Optical reflectometry techniques have long been employed in process control applications in the semiconductor manufacturing industry due to their non-contact, non-destructive and generally high-throughput nature. The continuous push towards developing smaller devices comprised of thinner layers and the introduction of complicated new materials has challenged the sensitivity of such instrumentation. As a result, this has necessitated an effort to develop optical reflectometry equipment utilizing shorter vacuum ultraviolet (VUV) wavelengths (below 200 nm), where greater sensitivity to subtle changes in material properties may be realized.

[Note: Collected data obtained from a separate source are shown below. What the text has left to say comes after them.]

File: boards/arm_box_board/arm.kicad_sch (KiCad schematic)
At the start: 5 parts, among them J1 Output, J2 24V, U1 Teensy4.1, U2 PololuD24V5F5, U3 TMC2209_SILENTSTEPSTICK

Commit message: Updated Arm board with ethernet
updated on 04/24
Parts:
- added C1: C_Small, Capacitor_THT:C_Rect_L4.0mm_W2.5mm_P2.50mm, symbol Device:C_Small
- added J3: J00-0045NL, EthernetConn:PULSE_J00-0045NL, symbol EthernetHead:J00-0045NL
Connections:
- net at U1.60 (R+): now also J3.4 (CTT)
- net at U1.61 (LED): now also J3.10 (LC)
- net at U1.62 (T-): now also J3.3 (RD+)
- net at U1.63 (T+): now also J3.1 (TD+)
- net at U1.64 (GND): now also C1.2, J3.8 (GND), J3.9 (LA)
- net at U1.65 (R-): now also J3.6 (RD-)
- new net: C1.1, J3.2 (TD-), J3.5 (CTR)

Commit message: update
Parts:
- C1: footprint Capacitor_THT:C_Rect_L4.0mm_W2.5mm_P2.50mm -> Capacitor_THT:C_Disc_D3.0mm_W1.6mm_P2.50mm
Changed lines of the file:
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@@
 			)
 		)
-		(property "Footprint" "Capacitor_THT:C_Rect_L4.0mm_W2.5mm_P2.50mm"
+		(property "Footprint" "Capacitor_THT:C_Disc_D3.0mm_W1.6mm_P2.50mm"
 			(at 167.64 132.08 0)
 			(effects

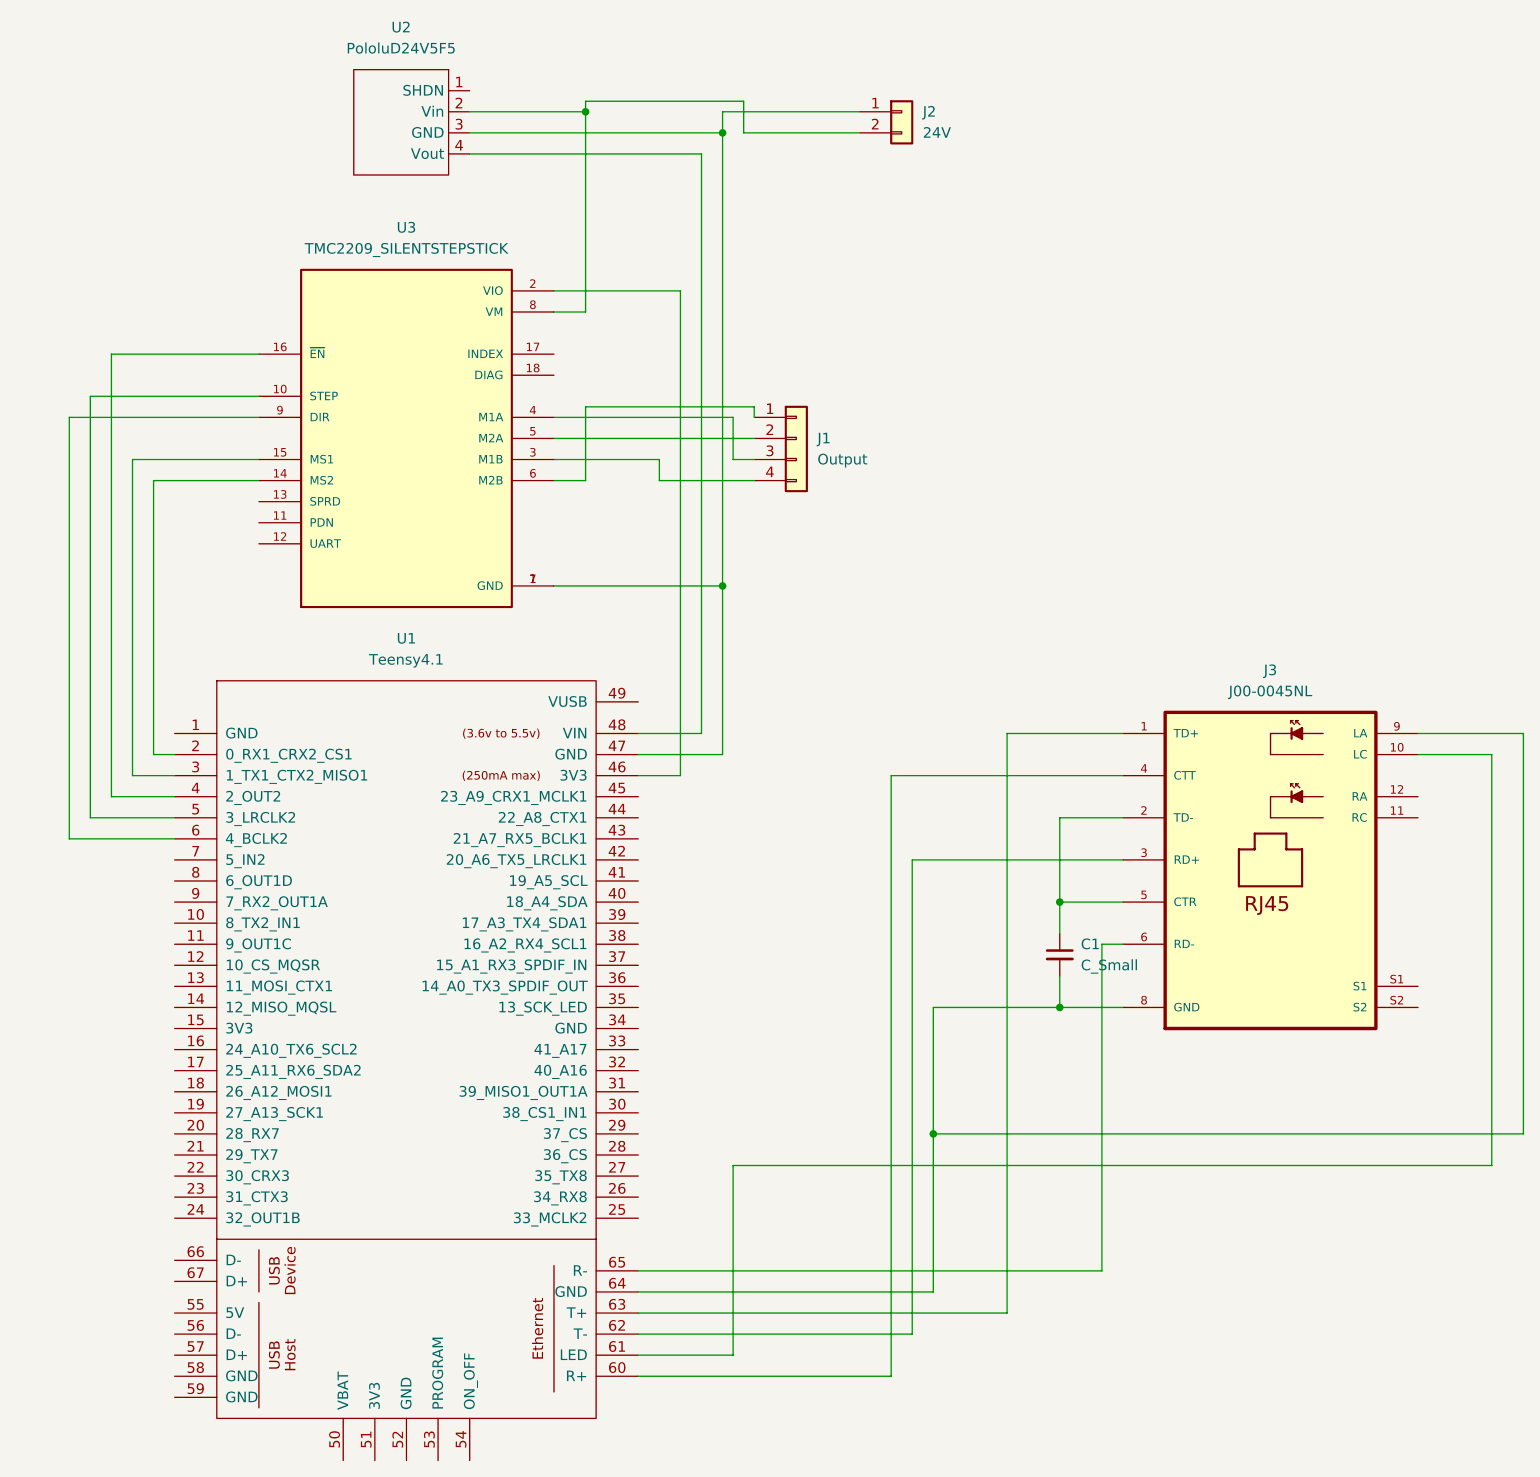
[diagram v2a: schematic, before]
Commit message: Corrected Ethernet pin matches to teensy
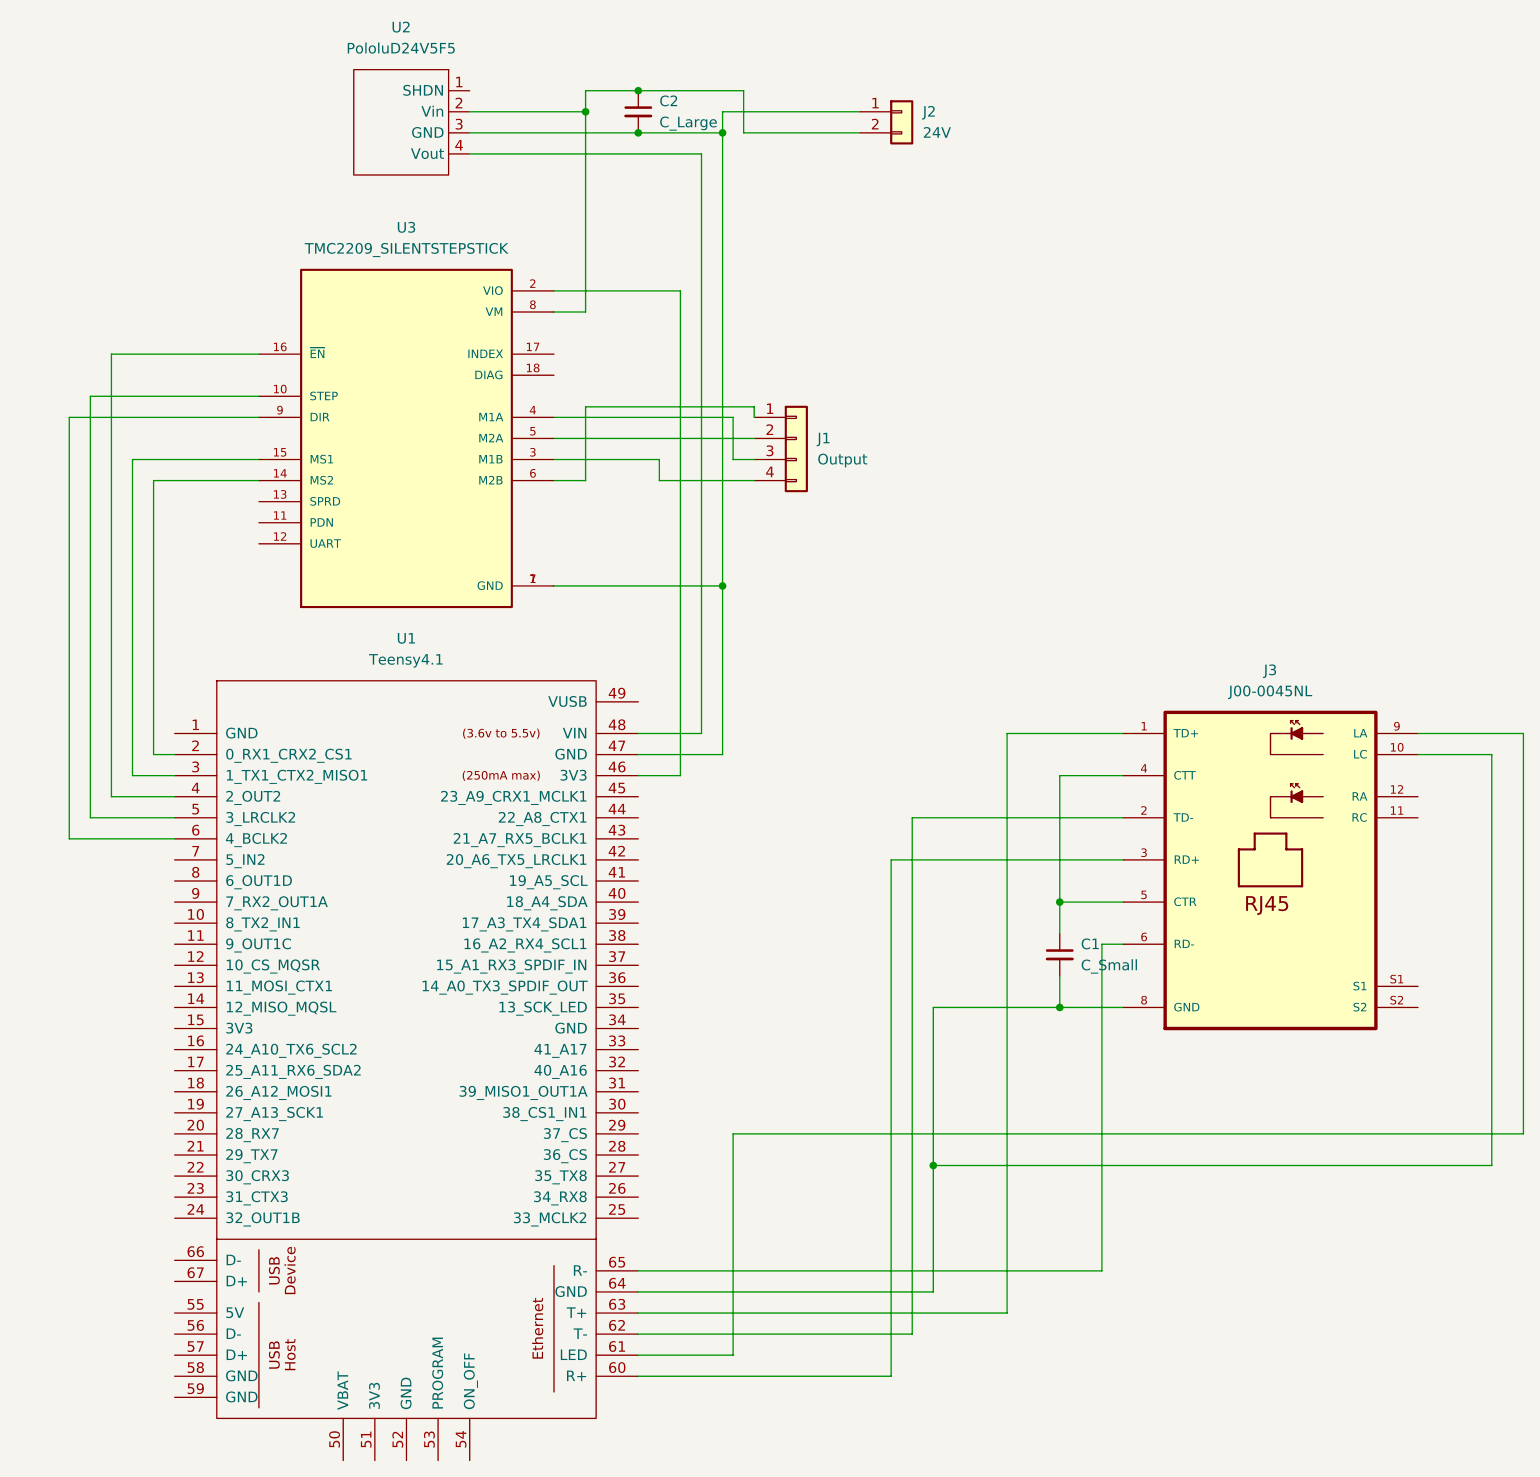
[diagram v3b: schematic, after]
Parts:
- added C2: C_Large, Capacitor_THT:CP_Radial_D4.0mm_P1.50mm, symbol Device:C_Small
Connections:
- net at J2.1 (Pin_1), U1.47 (GND), U2.3 (GND)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: now also C2.2
- net at J2.2 (Pin_2), U2.2 (Vin), U3.8 (VM): now also C2.1
- net at U1.60 (R+): now also J3.3 (RD+); no longer J3.4 (CTT)
- net at U1.61 (LED): now also J3.9 (LA); no longer J3.10 (LC)
- net at U1.62 (T-): now also J3.2 (TD-); no longer J3.3 (RD+)
- net at C1.2, J3.8 (GND), U1.64 (GND): now also J3.10 (LC); no longer J3.9 (LA)
- net at C1.1, J3.5 (CTR): now also J3.4 (CTT); no longer J3.2 (TD-)
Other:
- company: (none) -> RoboNav

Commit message: Extra pins/labels added
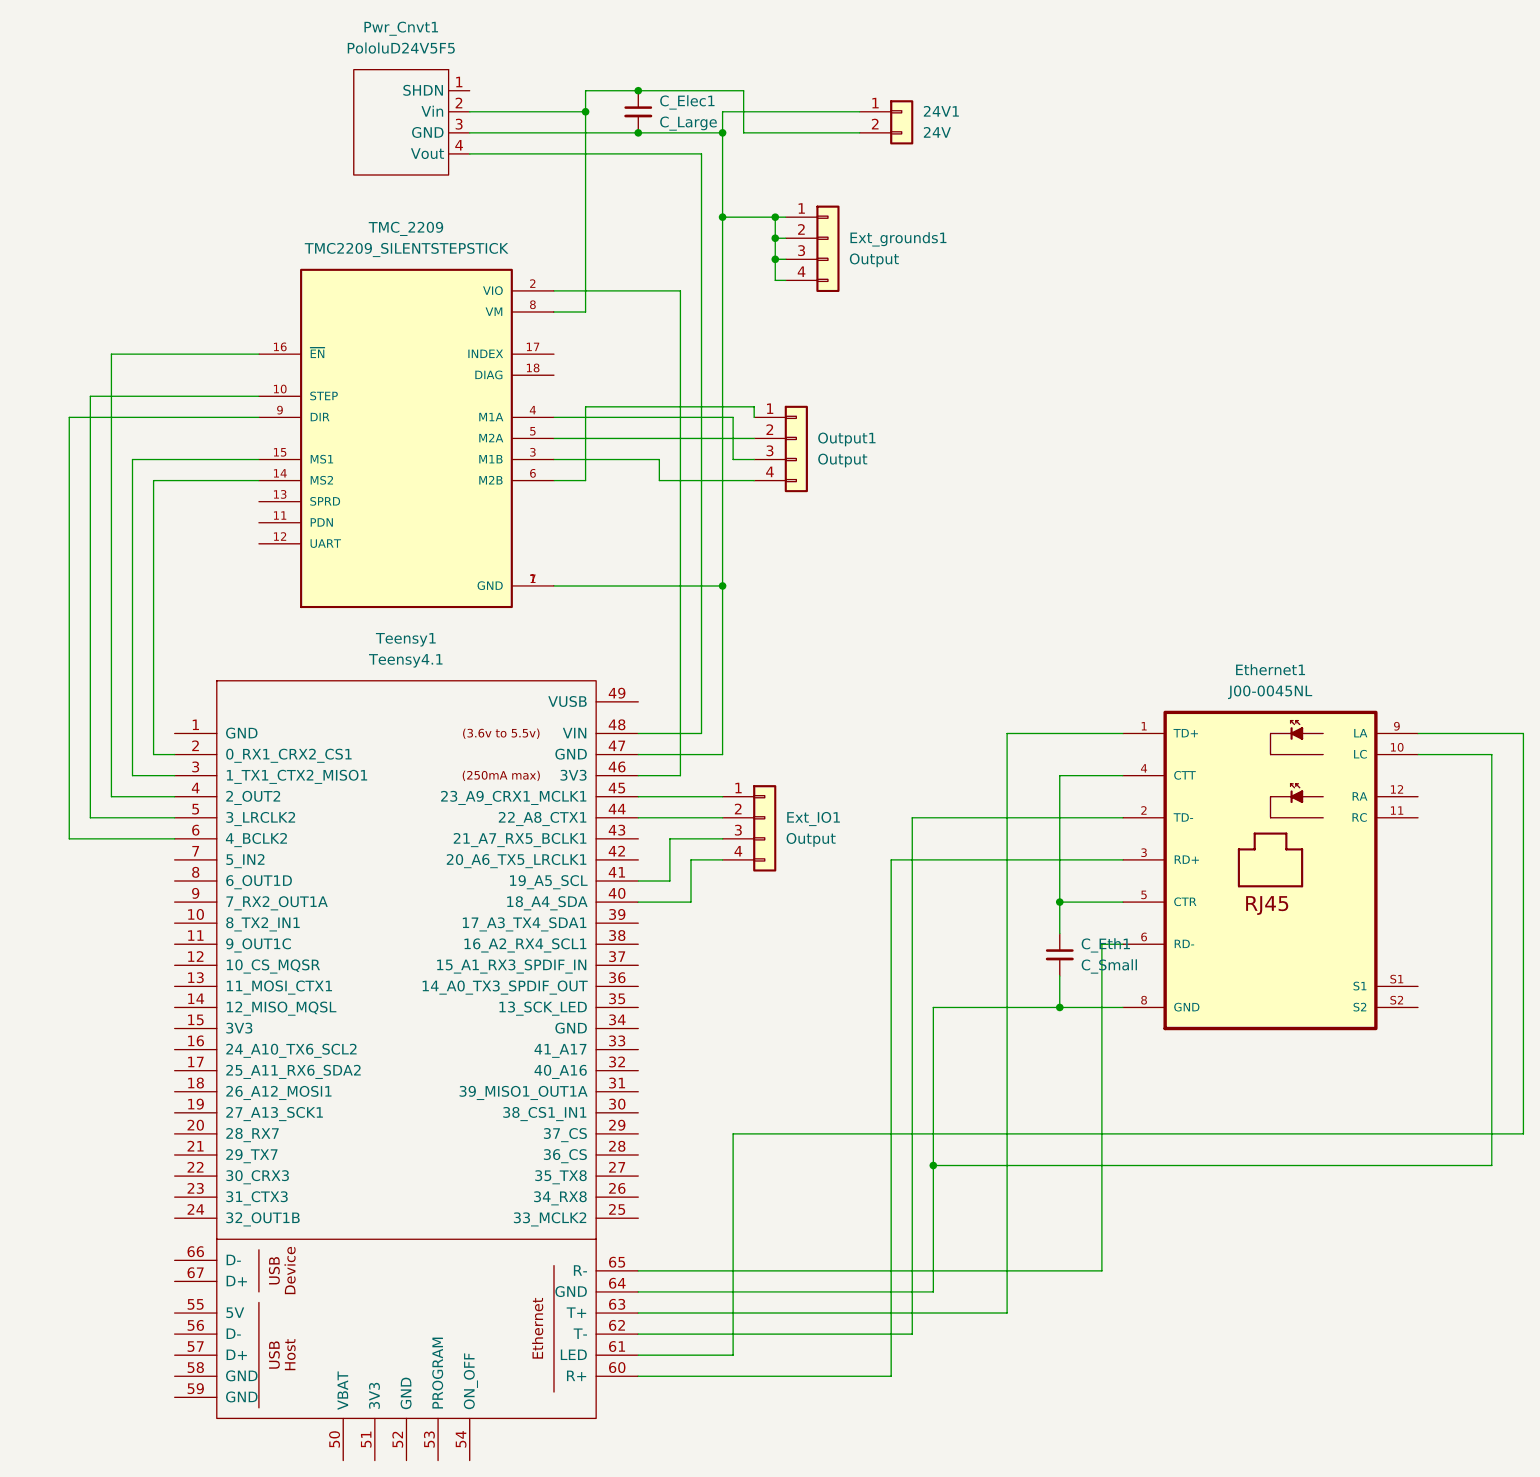
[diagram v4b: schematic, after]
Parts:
- added Ext_IO1, Ext_grounds1: Output, Connector_PinHeader_2.54mm:PinHeader_1x04_P2.54mm_Vertical, symbol Connector_Generic:Conn_01x04
- renumbered J2 to 24V1, C2 to C_Elec1, C1 to C_Eth1, J3 to Ethernet1, J1 to Output1, U2 to Pwr_Cnvt1, U3 to TMC_2209, U1 to Teensy1
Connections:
- net at 24V1.1 (Pin_1), C_Elec1.2, Pwr_Cnvt1.3 (GND)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: now also Ext_grounds1.1 (Pin_1), Ext_grounds1.2 (Pin_2), Ext_grounds1.3 (Pin_3), Ext_grounds1.4 (Pin_4)
- net at Teensy1.40 (18_A4_SDA): now also Ext_IO1.4 (Pin_4)
- net at Teensy1.41 (19_A5_SCL): now also Ext_IO1.3 (Pin_3)
- net at Teensy1.44 (22_A8_CTX1): now also Ext_IO1.2 (Pin_2)
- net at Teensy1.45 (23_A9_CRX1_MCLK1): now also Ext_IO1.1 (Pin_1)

Common tools used in optical metrology techniques are reflectometry and ellipsometry. Ellipsometry is generally regarded as consisting of a “richer” dataset, including a measurement of two quantities per wavelength/incident angle. On the other hand, reflectometers are more robust due to less complex hardware configurations, have faster measurements, and typically have a smaller footprint. Generally speaking, if both technologies are capable of solving a given metrology problem, the reflectometer is a more cost effective choice for a high volume production environment.
Contamination of optical surfaces like windows and mirrors is a serious impediment to the operation of optical instruments in the VUV range. Moisture and residual molecules, particularly hydrocarbon compounds, may deposit on such surfaces over time dramatically reducing their performance. These materials may form as a function of exposure to environment and/or out-gassing materials. Additionally, VUV and DUV radiation from the optical metrology tool itself may cause the formation of a contaminant film by reacting with accumulated airborne or out-gassed contaminants via a photo-deposition process. These effects have formed the focus of previous investigations owing to their impact on the design, development and performance of 193 and 157 nm lithographic exposure tools.
When present on the surfaces of samples under investigation, contaminate layers may significantly contribute to measured optical responses in the VUV yielding inaccurate and/or erroneous results. These effects are of particular concern when the samples are comprised of ultra thin films (<100 Å), whose thicknesses may themselves be comparable to the thicknesses of the contaminate layers. Airborne molecular contaminants (AMC) deposit on the surfaces of such samples significantly affecting reflectance in the VUV region. As used herein, AMC refers not only to typical contaminants deposited on samples, but also photo-deposited contaminants.
Reflectometer calibration in the VUV is difficult since reliable absolute reflectance standards do not exist and could not necessarily be maintained. In the past, new methods were developed to overcome these issues, such as for example in U.S. Pat. Nos. 7,282,703 and 7,511,265 and U.S. patent application Ser. Nos. 10/930,339, 11/789,686 and 12/072,878, the disclosures of which are all expressly incorporated by reference in their entirety. Some of these methods to calibrate reflectometers involved utilizing two calibration samples, measuring the intensity from both samples and analyzing the ratio of the two samples spectra to determine the properties of the samples and their absolute reflectances. In one embodiment, the calibration samples may be comprised of, but are not limited to, a bare silicon substrate with a native oxide layer and/or a 1000 Å SiO2 layer on a silicon substrate. This is only an exemplary composition of calibration samples. The techniques used previously work very well over a range of AMC buildup on calibration sites.
In the case where the thickness of deposited AMC exceeds some value, for example >40 Å, then the calibration sample measurements may be less accurate. This may be attributed to several reasons. For example, the AMC may be deposited over time in such a manner that an ever increasing fraction of the incident light becomes diffusely reflected. This could result in an error in the analysis of the measured spectrum. Or, the properties of the AMC film may not be uniform as a function of the film thickness. An inexact understanding of the optical properties of the AMC film, such as the case where the film consists of different components, could also lead to less accurate measurements.
In the operation of a VUV metrology instrument, previously disclosed methods provided techniques for minimizing, controlling and removing the deposited AMC layers that accumulated over time, such as for example in U.S. Pat. No. 7,342,235 and U.S. patent application Ser. Nos. 11/600,414 and 11/600,477, the disclosures of which are all expressly incorporated by reference in their entirety to overcome these issues. Though the previously described techniques provided an accurate means of calibration of a VUV optical metrology instrument, the measurements remained valid only over a specific range of deposited AMC thicknesses.
Calibration of the metrology equipment may also be dependant on the tool user. The equipment operator may have to continually check on the thickness of the AMC layers and determine if the layers were thick enough to compromise calibration accuracy. It would be beneficial to an automated semiconductor manufacturing environment if the responsibility of equipment calibration was shifted from the tool user to an automated system.